Your goal. Within these entries, how many lines contain the word "radius"? Answer with the number alone.

───── Supplied records

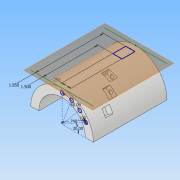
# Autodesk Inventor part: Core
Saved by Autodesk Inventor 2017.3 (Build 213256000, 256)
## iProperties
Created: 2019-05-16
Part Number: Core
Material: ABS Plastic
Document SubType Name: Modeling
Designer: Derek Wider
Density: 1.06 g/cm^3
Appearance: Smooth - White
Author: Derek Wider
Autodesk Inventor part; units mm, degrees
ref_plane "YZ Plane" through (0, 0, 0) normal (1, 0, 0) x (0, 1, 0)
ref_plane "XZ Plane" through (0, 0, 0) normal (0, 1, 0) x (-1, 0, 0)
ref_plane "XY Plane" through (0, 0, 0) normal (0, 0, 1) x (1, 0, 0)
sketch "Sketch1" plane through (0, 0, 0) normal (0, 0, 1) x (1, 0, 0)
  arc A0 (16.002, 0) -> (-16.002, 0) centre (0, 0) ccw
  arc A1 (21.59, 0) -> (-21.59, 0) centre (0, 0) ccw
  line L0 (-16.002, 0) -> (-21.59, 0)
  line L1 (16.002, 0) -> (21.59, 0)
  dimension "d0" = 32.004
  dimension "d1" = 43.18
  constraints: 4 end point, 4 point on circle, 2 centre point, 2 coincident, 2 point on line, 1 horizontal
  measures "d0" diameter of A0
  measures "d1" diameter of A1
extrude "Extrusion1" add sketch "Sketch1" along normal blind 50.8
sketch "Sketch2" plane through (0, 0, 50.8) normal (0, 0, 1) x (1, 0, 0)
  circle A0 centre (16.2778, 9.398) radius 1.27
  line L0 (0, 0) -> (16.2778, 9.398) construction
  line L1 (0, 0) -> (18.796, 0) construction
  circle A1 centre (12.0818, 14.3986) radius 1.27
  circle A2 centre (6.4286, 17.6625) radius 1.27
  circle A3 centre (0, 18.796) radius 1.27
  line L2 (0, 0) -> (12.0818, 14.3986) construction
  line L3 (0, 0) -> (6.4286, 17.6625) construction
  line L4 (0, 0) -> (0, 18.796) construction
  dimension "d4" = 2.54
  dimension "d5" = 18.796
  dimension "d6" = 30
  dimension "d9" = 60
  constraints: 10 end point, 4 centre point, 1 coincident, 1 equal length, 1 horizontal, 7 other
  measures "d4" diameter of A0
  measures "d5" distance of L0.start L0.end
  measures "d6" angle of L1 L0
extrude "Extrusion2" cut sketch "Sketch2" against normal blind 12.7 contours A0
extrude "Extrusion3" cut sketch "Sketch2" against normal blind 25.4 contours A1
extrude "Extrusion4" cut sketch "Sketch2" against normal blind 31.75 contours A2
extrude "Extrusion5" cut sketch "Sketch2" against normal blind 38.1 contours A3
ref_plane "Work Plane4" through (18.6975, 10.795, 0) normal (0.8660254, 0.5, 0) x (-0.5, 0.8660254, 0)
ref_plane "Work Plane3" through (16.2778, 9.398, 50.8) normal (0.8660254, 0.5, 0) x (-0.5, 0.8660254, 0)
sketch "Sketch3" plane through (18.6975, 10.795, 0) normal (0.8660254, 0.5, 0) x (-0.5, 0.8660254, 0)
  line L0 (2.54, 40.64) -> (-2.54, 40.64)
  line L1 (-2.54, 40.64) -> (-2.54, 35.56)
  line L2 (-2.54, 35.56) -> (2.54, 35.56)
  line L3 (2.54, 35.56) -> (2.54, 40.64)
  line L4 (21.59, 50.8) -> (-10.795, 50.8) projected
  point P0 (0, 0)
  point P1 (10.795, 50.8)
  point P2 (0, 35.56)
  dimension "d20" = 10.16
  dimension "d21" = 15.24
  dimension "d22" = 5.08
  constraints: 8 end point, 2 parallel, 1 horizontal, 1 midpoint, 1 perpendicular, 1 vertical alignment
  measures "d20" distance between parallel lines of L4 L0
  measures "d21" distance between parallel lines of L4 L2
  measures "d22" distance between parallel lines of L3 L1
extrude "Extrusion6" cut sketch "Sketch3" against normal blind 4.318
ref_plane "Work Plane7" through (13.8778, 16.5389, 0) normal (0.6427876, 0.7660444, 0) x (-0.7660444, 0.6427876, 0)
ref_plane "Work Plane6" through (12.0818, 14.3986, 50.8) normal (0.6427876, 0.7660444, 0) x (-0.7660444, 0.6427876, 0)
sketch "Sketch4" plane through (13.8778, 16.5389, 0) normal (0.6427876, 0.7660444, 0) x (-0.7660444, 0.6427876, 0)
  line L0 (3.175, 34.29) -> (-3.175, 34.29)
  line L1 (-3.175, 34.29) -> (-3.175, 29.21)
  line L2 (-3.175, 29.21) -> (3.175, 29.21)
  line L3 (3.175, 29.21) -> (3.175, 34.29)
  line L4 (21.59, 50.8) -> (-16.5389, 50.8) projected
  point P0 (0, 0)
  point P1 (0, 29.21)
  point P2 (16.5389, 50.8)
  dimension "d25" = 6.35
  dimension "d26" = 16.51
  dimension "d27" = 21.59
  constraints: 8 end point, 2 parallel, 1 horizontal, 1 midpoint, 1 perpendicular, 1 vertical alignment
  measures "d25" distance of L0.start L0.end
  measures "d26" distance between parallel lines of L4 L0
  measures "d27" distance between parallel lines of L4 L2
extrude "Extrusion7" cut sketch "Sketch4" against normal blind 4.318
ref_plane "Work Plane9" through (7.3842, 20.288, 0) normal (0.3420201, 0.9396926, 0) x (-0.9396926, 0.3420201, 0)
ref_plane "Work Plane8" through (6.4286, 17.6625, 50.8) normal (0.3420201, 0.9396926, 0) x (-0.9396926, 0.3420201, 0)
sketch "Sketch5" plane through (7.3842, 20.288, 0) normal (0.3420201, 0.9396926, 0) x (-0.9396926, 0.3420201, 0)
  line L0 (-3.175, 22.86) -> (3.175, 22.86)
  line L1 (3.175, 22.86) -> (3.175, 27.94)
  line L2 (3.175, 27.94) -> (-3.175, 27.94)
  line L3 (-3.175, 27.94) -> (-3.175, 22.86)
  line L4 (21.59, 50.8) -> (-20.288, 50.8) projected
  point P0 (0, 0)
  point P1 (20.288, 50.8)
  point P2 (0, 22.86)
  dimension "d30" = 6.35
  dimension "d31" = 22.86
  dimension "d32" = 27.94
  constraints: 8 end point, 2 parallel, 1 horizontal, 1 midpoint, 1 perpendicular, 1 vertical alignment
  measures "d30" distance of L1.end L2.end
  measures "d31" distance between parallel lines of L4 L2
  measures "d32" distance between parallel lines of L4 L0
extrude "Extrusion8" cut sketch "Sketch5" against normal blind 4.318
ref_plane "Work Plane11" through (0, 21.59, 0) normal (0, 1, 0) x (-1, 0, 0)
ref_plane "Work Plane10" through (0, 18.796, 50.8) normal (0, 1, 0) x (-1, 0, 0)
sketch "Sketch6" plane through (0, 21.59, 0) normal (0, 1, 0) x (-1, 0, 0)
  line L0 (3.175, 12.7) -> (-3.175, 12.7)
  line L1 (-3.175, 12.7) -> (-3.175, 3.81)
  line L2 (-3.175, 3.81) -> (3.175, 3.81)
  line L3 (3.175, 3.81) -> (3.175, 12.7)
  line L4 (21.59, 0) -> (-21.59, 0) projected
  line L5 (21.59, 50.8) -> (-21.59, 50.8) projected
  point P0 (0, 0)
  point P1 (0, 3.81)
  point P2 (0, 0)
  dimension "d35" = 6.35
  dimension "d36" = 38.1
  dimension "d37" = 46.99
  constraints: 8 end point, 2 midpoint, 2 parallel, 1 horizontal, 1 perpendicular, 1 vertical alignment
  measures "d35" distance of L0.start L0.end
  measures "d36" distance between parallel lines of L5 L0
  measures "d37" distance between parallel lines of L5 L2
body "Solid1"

──────────

Output for this exercise. 4